Exercise description |
Where does the string "none" appear in the material? Copy each line that holds it.

Dataset extract |
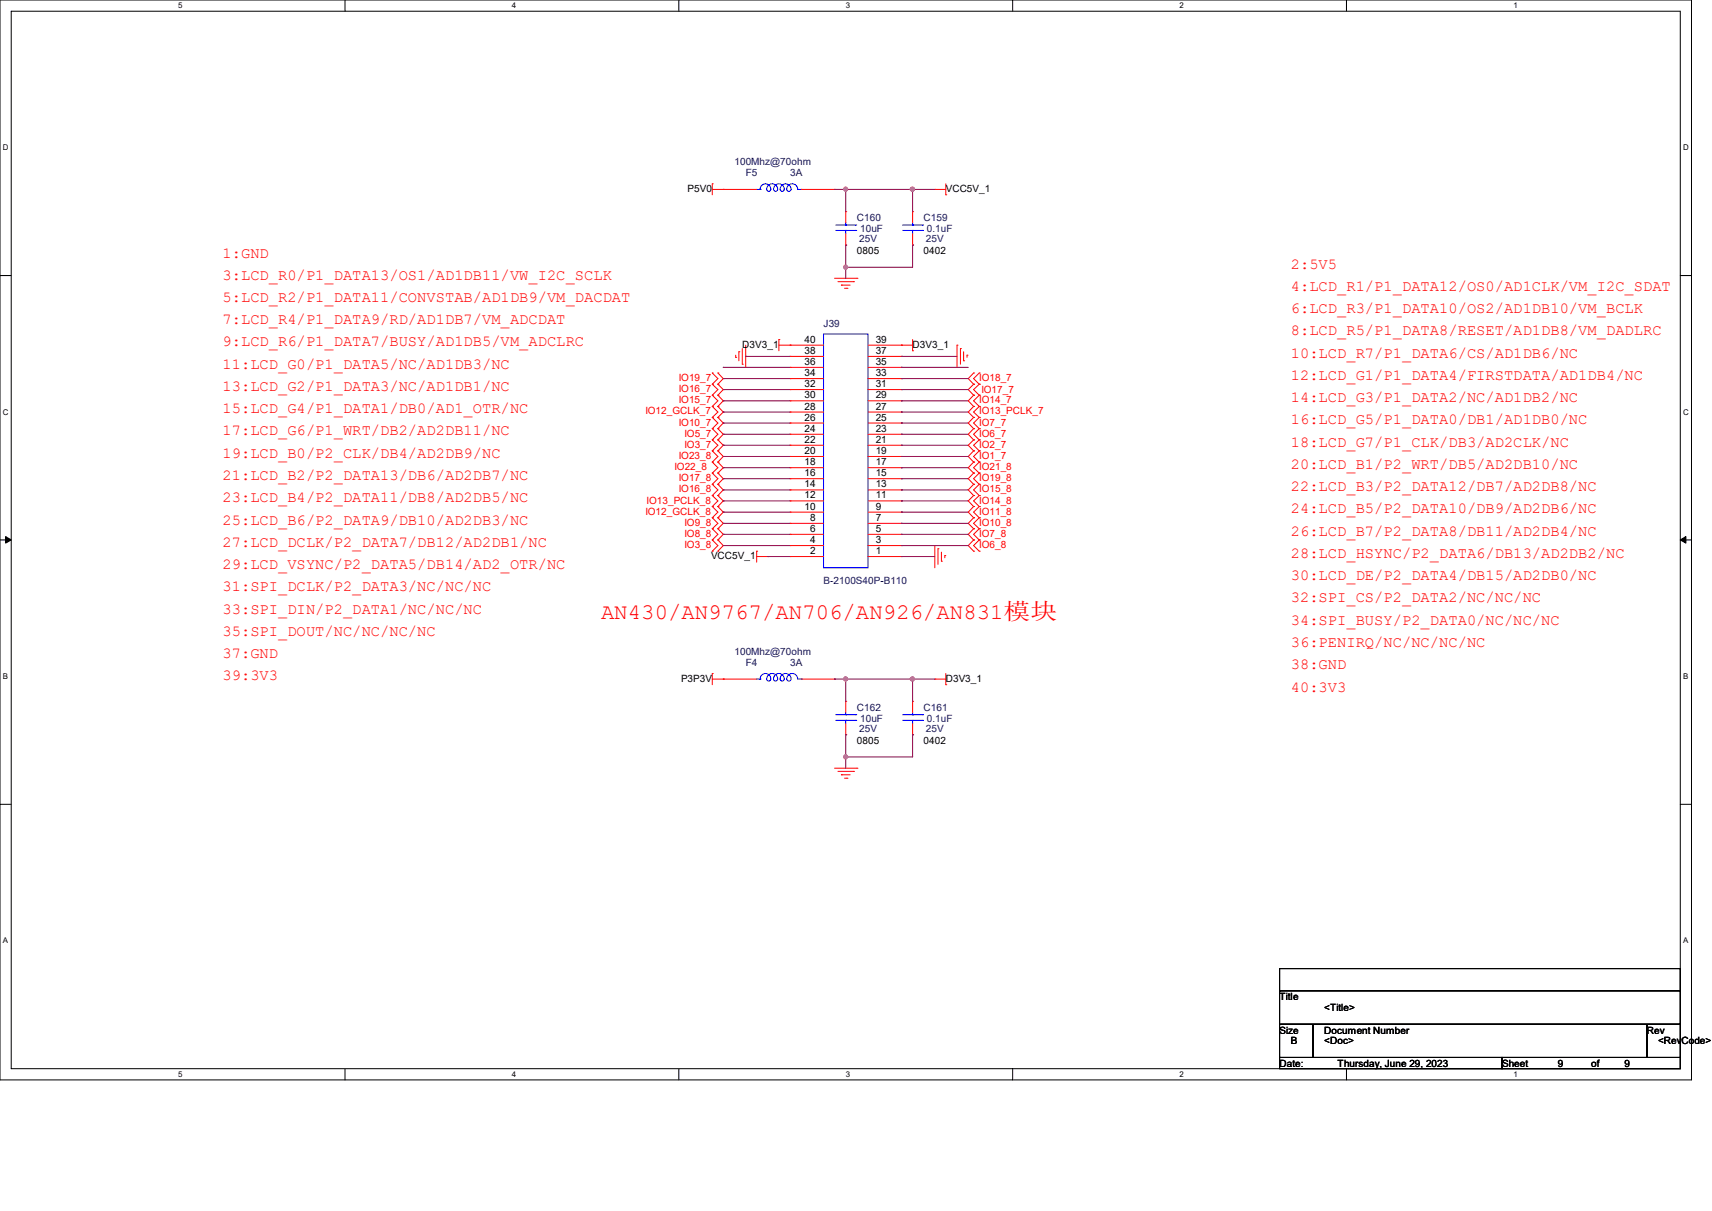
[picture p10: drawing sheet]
<svg xmlns="http://www.w3.org/2000/svg" width="297mm" height="210mm" viewBox="0 0 297 210" stroke-linecap="round" stroke-linejoin="round" font-family="sans-serif">
<path d="M0 0h293.5v187.3h-293.5zM1.9 1.9h289.6v183.4h-289.6z" fill="none" stroke="#000" stroke-width=".17"/>
<g fill="#fff">
<path d="M30.9 .2h.8v1.5h-.8z"/>
<path d="M30.9 185.5h.8v1.6h-.8z"/>
</g>
<path d="M59.9 0v1.9M59.9 185.3v2" fill="none" stroke="#000" stroke-width=".17"/>
<g fill="#fff">
<path d="M88.8 .2h.8v1.5h-.8z"/>
<path d="M88.8 185.5h.8v1.6h-.8z"/>
</g>
<path d="M117.8 0v1.9M117.8 185.3v2" fill="none" stroke="#000" stroke-width=".17"/>
<g fill="#fff">
<path d="M146.7 .2h.8v1.5h-.8z"/>
<path d="M146.7 185.5h.8v1.6h-.8z"/>
</g>
<path d="M175.7 0v1.9M175.7 185.3v2" fill="none" stroke="#000" stroke-width=".17"/>
<g fill="#fff">
<path d="M204.6 .2h.8v1.5h-.8z"/>
<path d="M204.6 185.5h.8v1.6h-.8z"/>
</g>
<path d="M233.6 0v1.9M233.6 185.3v2" fill="none" stroke="#000" stroke-width=".17"/>
<g fill="#fff">
<path d="M262.6 .2h.7v1.5h-.7z"/>
<path d="M262.6 185.5h.7v1.6h-.7z"/>
<path d="M.5 24.8h1v1.6h-1z"/>
<path d="M292 24.8h1v1.6h-1z"/>
<path d="M.5 70.7h1v1.5h-1z"/>
<path d="M292 70.7h1v1.5h-1z"/>
</g>
<path d="M0 47.8h1.9M291.5 47.8h2" fill="none" stroke="#000" stroke-width=".17"/>
<g fill="#fff">
<path d="M.5 116.5h.9v1.6h-.9z"/>
<path d="M292 116.5h.9v1.6h-.9z"/>
</g>
<path d="M0 93.6h1.9M291.5 93.6h2" fill="none" stroke="#000" stroke-width=".17"/>
<path d="M1 93l.9 .6-.9 .6zM291.5 93.6l1-.6v1.2z" fill="#000" stroke="#000" stroke-width=".17"/>
<g fill="#fff">
<path d="M.5 162.4h.9v1.5h-.9z"/>
<path d="M292 162.4h.9v1.5h-.9z"/>
</g>
<path d="M0 139.5h1.9M291.5 139.5h2M222 168h69.5v3.8h-69.5zM222 171.8h69.5v5.8h-69.5zM222 177.6h5.8v5.8h-5.8zM227.8 177.6h57.9v5.8h-57.9zM285.7 177.6h5.8v5.8h-5.8zM222 183.4h38.6v1.9h-38.6zM260.6 183.4h30.9v1.9h-30.9z" fill="none" stroke="#000" stroke-width=".17"/>
<g fill="none" stroke="#f00" stroke-width=".17">
<path d="M123.6 31.9h.1M123.6 31.9v1.9M123.6 32.9h7.7M125.5 32.9h.1M139 32.9h5.8M144.8 32.9h.1M146.7 36.7h.1M146.7 36.7v1.9M158.3 36.7h.1M158.3 36.7v1.9M162.2 32.9h.1M162.2 32.9h1.9"/>
<path d="M164.1 33.8h.1M164.1 31.9v1.9M129.4 59.9v3.8M135.1 58.9h.1M135.1 59.9h7.8M135.1 58.9v1.9M137.1 59.9h.1M144.8 48.3h3.9M145.4 48.9h2.7M146 49.4h.1M146 49.4h1.5M146.5 50h.4"/>
<path d="M146.7 42.5h.1M146.7 40.6v1.9M146.9 50h.1M148.1 48.9h.1M148.7 48.3h.1M150.6 59.9h7.7M156.4 59.9h.1M158.3 42.5h.1M158.3 40.6v1.9M158.3 58.9v1.9M166 59.9h.1M166 59.9v3.8"/>
<path d="M123.6 66.6h.1M123.6 68.5h.1M123.6 70.5h.1M123.6 72.4h.1M123.6 74.3h.1M123.6 76.3h.1M123.6 78.2h.1M123.6 64.7h.1M123.6 66.6l.9 1-.9 .9M123.6 70.5l.9 1-.9 .9M123.6 74.3l.9 1-.9 1M123.6 78.2l.9 1-.9 .9"/>
<path d="M123.6 64.7l.9 1-.9 .9M123.6 68.5l.9 1-.9 1M123.6 72.4l.9 1-.9 .9M123.6 76.3l.9 .9-.9 1M124.5 68.5h.1M124.5 66.6h.1M124.5 72.4h.1M124.5 70.5h.1M124.5 76.3h.1M124.5 74.3h.1M124.5 78.2h.1M124.5 64.7h.1"/>
<path d="M124.5 66.6l1 1-1 .9M124.5 70.5l1 1-1 .9M124.5 74.3l1 1-1 1M124.5 78.2l1 1-1 .9M124.5 64.7l1 1-1 .9M124.5 68.5l1 1-1 1M124.5 72.4l1 1-1 .9M124.5 76.3l1 .9-1 1M127.6 62h.1M127.6 61.6v.4M128.2 61h.1M128.2 61v1.6"/>
<path d="M128.8 63.2h.1M128.8 60.5v2.7M129.4 63.7h.1M137.1 79.2h.1M137.1 77.2h.1M137.1 75.3h.1M137.1 73.4h.1M137.1 71.5h.1M137.1 69.5h.1M137.1 67.6h.1M137.1 65.7h.1M137.1 63.7h.1"/>
<path d="M137.1 61.8h.1M137.1 79.2h5.8M137.1 77.2h5.8M137.1 75.3h5.8M137.1 73.4h5.8M137.1 71.5h5.8M137.1 69.5h5.8M137.1 67.6h5.8M137.1 65.7h5.8M137.1 63.7h5.8M137.1 61.8h5.8M150.6 79.2h5.8"/>
<path d="M150.6 77.2h5.8M150.6 75.3h5.8M150.6 73.4h5.8M150.6 71.5h5.8M150.6 69.5h5.8M150.6 67.6h5.8M150.6 65.7h5.8M150.6 63.7h5.8M150.6 61.8h5.8M156.4 79.2h.1M156.4 77.2h.1M156.4 75.3h.1"/>
<path d="M156.4 73.4h.1M156.4 71.5h.1M156.4 69.5h.1M156.4 67.6h.1M156.4 65.7h.1M156.4 63.7h.1M156.4 61.8h.1M158.3 60.8h.1M166.6 60.5h.1M166.6 60.5v2.7M167.2 62.6h.1M167.2 61v1.6"/>
<path d="M167.8 61.6h.1M167.8 61.6v.4M168.9 66.6h.1M168.9 68.5h.1M168.9 78.2h.1M168.9 70.5h.1M168.9 72.4h.1M168.9 74.3h.1M168.9 76.3h.1M168.9 64.7h.1M168.9 66.6l-.9 1 .9 .9M168.9 78.2l-.9 1 .9 .9"/>
<path d="M168.9 70.5l-.9 1 .9 .9M168.9 74.3l-.9 1 .9 1M168.9 64.7l-.9 1 .9 .9M168.9 68.5l-.9 1 .9 1M168.9 72.4l-.9 1 .9 .9M168.9 76.3l-.9 .9 .9 1M169.9 68.5h.1M169.9 66.6h.1M169.9 78.2h.1M169.9 72.4h.1M169.9 70.5h.1M169.9 76.3h.1"/>
<path d="M169.9 74.3h.1M169.9 64.7h.1M169.9 66.6l-1 1 1 .9M169.9 78.2l-1 1 1 .9M169.9 70.5l-1 1 1 .9M169.9 74.3l-1 1 1 1M169.9 64.7l-1 1 1 .9M169.9 68.5l-1 1 1 1M169.9 72.4l-1 1 1 .9M169.9 76.3l-1 .9 1 1M123.6 85.9h.1M123.6 87.8h.1"/>
<path d="M123.6 82h.1M123.6 84h.1M123.6 80.1h.1M123.6 89.8h.1M123.6 91.7h.1M123.6 93.6h.1M123.6 95.6h.1M123.6 85.9l.9 1-.9 .9M123.6 82l.9 1-.9 1M123.6 87.8l.9 1-.9 1M123.6 84l.9 1-.9 .9M123.6 80.1l.9 1-.9 .9"/>
<path d="M123.6 89.8l.9 1-.9 .9M123.6 91.7l.9 1-.9 .9M123.6 93.6l.9 1-.9 1M124.5 87.8h.1M124.5 85.9h.1M124.5 84h.1M124.5 82h.1M124.5 80.1h.1M124.5 89.8h.1M124.5 91.7h.1M124.5 93.6h.1M124.5 95.6h.1"/>
<path d="M124.5 85.9l1 1-1 .9M124.5 82l1 1-1 1M124.5 87.8l1 1-1 1M124.5 84l1 1-1 .9M124.5 80.1l1 1-1 .9M124.5 89.8l1 1-1 .9M124.5 91.7l1 1-1 .9M124.5 93.6l1 1-1 1M131.3 95.6h.1M131.3 96.5h1.9M131.3 95.6v1.9M133.2 96.5h.1"/>
<path d="M137.1 96.5h.1M137.1 94.6h.1M137.1 92.7h.1M137.1 90.8h.1M137.1 88.8h.1M137.1 86.9h.1M137.1 85h.1M137.1 83h.1M137.1 81.1h.1M137.1 96.5h5.8M137.1 94.6h5.8M137.1 92.7h5.8"/>
<path d="M137.1 90.8h5.8M137.1 88.8h5.8M137.1 86.9h5.8M137.1 85h5.8M137.1 83h5.8M137.1 81.1h5.8M150.6 96.5h5.8M150.6 94.6h5.8M150.6 92.7h5.8M150.6 90.8h5.8M150.6 88.8h5.8M150.6 86.9h5.8"/>
<path d="M150.6 85h5.8M150.6 83h5.8M150.6 81.1h5.8M156.4 96.5h.1M156.4 94.6h.1M156.4 92.7h.1M156.4 90.8h.1M156.4 88.8h.1M156.4 86.9h.1M156.4 85h.1M156.4 83h.1M156.4 81.1h.1"/>
<path d="M162.2 94.6h.1M162.2 94.6v3.9M162.7 95.2h.1M162.7 95.2v2.7M163.3 97.3h.1M163.3 95.8v1.5M163.9 96.4h.1M163.9 96.4v.3M168.9 85.9h.1M168.9 87.8h.1M168.9 80.1h.1M168.9 89.8h.1"/>
<path d="M168.9 91.7h.1M168.9 82h.1M168.9 84h.1M168.9 93.6h.1M168.9 95.6h.1M168.9 85.9l-.9 1 .9 .9M168.9 89.8l-.9 1 .9 .9M168.9 82l-.9 1 .9 1M168.9 87.8l-.9 1 .9 1M168.9 84l-.9 1 .9 .9M168.9 80.1l-.9 1 .9 .9M168.9 93.6l-.9 1 .9 1"/>
<path d="M168.9 91.7l-.9 1 .9 .9M169.9 87.8h.1M169.9 85.9h.1M169.9 80.1h.1M169.9 91.7h.1M169.9 89.8h.1M169.9 84h.1M169.9 82h.1M169.9 95.6h.1M169.9 93.6h.1M169.9 85.9l-1 1 1 .9M169.9 89.8l-1 1 1 .9"/>
<path d="M169.9 82l-1 1 1 1M169.9 87.8l-1 1 1 1M169.9 84l-1 1 1 .9M169.9 80.1l-1 1 1 .9M169.9 93.6l-1 1 1 1M169.9 91.7l-1 1 1 .9M123.6 116.8h.1M123.6 117.8h7.7M123.6 116.8v1.9M125.5 117.8h.1M139 117.8h5.8M144.8 117.8h.1"/>
<path d="M162.2 117.8h.1M162.2 117.8h1.9M164.1 118.7h.1M164.1 116.8v1.9M144.8 133.2h3.9M145.4 133.8h2.7M146 134.4h.1M146 134.4h1.5M146.5 135h.4M146.7 121.6h.1M146.7 127.4h.1M146.7 121.6v2"/>
<path d="M146.7 125.5v1.9M146.9 135h.1M148.1 133.8h.1M148.7 133.2h.1M158.3 121.6h.1M158.3 127.4h.1M158.3 121.6v2M158.3 125.5v1.9"/>
</g>
<g fill="none" stroke="#00f" stroke-width=".17">
<path d="M131.3 32.9h.6M131.9 32.9h.1M131.9 32.8a.92 .92 0 0 1 1-.9 .92 .92 0 0 1 .8 1.1 .36 .36 0 0 1-.4 .2 .36 .36 0 0 1-.3-.4 .93 .93 0 0 1 1-.9 .93 .93 0 0 1 .9 1.1 .36 .36 0 0 1-.4 .2 .36 .36 0 0 1-.3-.4 .92 .92 0 0 1 1-.9 .92 .92 0 0 1 .8 1.1 .35 .35 0 0 1-.4 .2 .35 .35 0 0 1-.3-.3M135.3 32.8a.93 .93 0 0 1 1.1-.9 .93 .93 0 0 1 .8 1.1 .38 .38 0 0 1-.4 .2 .38 .38 0 0 1-.3-.4 .95 .95 0 0 1 .9-.9 .95 .95 0 0 1 1 .9M138.4 32.9h.6M139 32.9h.1M145 40h3.5M145 39h3.5M146.7 39h.1M146.7 40h.1M146.7 38.6v.4M146.7 40v.6"/>
<path d="M148.5 40h.1M148.5 39h.1M156.6 40h3.5M156.6 39h3.5M158.3 39h.1M158.3 40h.1M158.3 38.6v.4M158.3 40v.6M160.1 40h.1M160.1 39h.1M142.9 57.9h7.7v40.6h-7.7zM131.3 117.8h.6"/>
<path d="M131.9 117.8h.1M131.9 117.8a.92 .92 0 0 1 1-1 .92 .92 0 0 1 .8 1.1 .36 .36 0 0 1-.4 .2 .36 .36 0 0 1-.3-.3 .94 .94 0 0 1 1-1 .94 .94 0 0 1 .9 1.1 .36 .36 0 0 1-.4 .2 .36 .36 0 0 1-.3-.3 .9 .9 0 0 1 1.1-1 .9 .9 0 0 1 .6 1.3 .36 .36 0 0 1-.6-.3 .94 .94 0 0 1 1.1-1 .94 .94 0 0 1 .8 1.1 .38 .38 0 0 1-.4 .2 .38 .38 0 0 1-.3-.3 .95 .95 0 0 1 .9-1 .95 .95 0 0 1 1 1M138.4 117.8h.6M139 117.8h.1M145 124.9h3.5M145 124h3.5M146.7 124h.1M146.7 124.9h.1M146.7 123.6v.4M146.7 124.9v.6M148.5 124.9h.1M148.5 124h.1"/>
<path d="M156.6 124.9h3.5M156.6 124h3.5M158.3 124h.1M158.3 124.9h.1M158.3 123.6v.4M158.3 124.9v.6M160.1 124.9h.1M160.1 124h.1"/>
</g>
<g fill="none" stroke="#800040" stroke-width=".17">
<path d="M144.8 32.9h.1M144.8 32.9h17.4M146.7 32.9h.1M146.7 32.9v3.8M158.3 32.9h.1M158.3 32.9v3.8M146.7 42.5h.1M146.7 46.4h.1M146.7 42.5v5.8M158.3 42.5h.1M158.3 42.5v3.9h-11.6M125.5 77.2h.1"/>
<path d="M125.5 79.2h.1M125.5 67.6h.1M125.5 69.5h.1M125.5 71.5h.1M125.5 73.4h.1M125.5 75.3h.1M125.5 63.7h.1M125.5 65.7h.1M125.5 73.4h11.6M125.5 75.3h11.6M125.5 77.2h11.6M125.5 79.2h11.6"/>
<path d="M125.5 65.7h11.6M125.5 67.6h11.6M125.5 69.5h11.6M125.5 71.5h11.6M125.5 63.7h11.6M129.4 61.8h.1M129.4 61.8h7.7M156.4 61.8h.1M156.4 73.4h.1M156.4 75.3h.1M156.4 77.2h.1M156.4 79.2h.1"/>
<path d="M156.4 65.7h.1M156.4 67.6h.1M156.4 69.5h.1M156.4 71.5h.1M156.4 63.7h.1M156.4 61.8h9.6M156.4 73.4h11.6M156.4 75.3h11.6M156.4 77.2h11.6M156.4 79.2h11.6M156.4 65.7h11.6M156.4 67.6h11.6"/>
<path d="M156.4 69.5h11.6M156.4 71.5h11.6M156.4 63.7h11.6M125.5 92.7h.1M125.5 94.6h.1M125.5 90.8h.1M125.5 88.8h.1M125.5 81.1h.1M125.5 83h.1M125.5 85h.1M125.5 86.9h.1M125.5 92.7h11.6"/>
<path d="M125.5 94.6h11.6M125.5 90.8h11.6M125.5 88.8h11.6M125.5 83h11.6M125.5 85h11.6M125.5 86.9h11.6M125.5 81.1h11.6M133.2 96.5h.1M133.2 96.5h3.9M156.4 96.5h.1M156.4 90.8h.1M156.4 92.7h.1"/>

Solution |
<path d="M0 0h293.5v187.3h-293.5zM1.9 1.9h289.6v183.4h-289.6z" fill="none" stroke="#000" stroke-width=".17"/>
<path d="M59.9 0v1.9M59.9 185.3v2" fill="none" stroke="#000" stroke-width=".17"/>
<path d="M117.8 0v1.9M117.8 185.3v2" fill="none" stroke="#000" stroke-width=".17"/>
<path d="M175.7 0v1.9M175.7 185.3v2" fill="none" stroke="#000" stroke-width=".17"/>
<path d="M233.6 0v1.9M233.6 185.3v2" fill="none" stroke="#000" stroke-width=".17"/>
<path d="M0 47.8h1.9M291.5 47.8h2" fill="none" stroke="#000" stroke-width=".17"/>
<path d="M0 93.6h1.9M291.5 93.6h2" fill="none" stroke="#000" stroke-width=".17"/>
<path d="M0 139.5h1.9M291.5 139.5h2M222 168h69.5v3.8h-69.5zM222 171.8h69.5v5.8h-69.5zM222 177.6h5.8v5.8h-5.8zM227.8 177.6h57.9v5.8h-57.9zM285.7 177.6h5.8v5.8h-5.8zM222 183.4h38.6v1.9h-38.6zM260.6 183.4h30.9v1.9h-30.9z" fill="none" stroke="#000" stroke-width=".17"/>
<g fill="none" stroke="#f00" stroke-width=".17">
<g fill="none" stroke="#00f" stroke-width=".17">
<g fill="none" stroke="#800040" stroke-width=".17">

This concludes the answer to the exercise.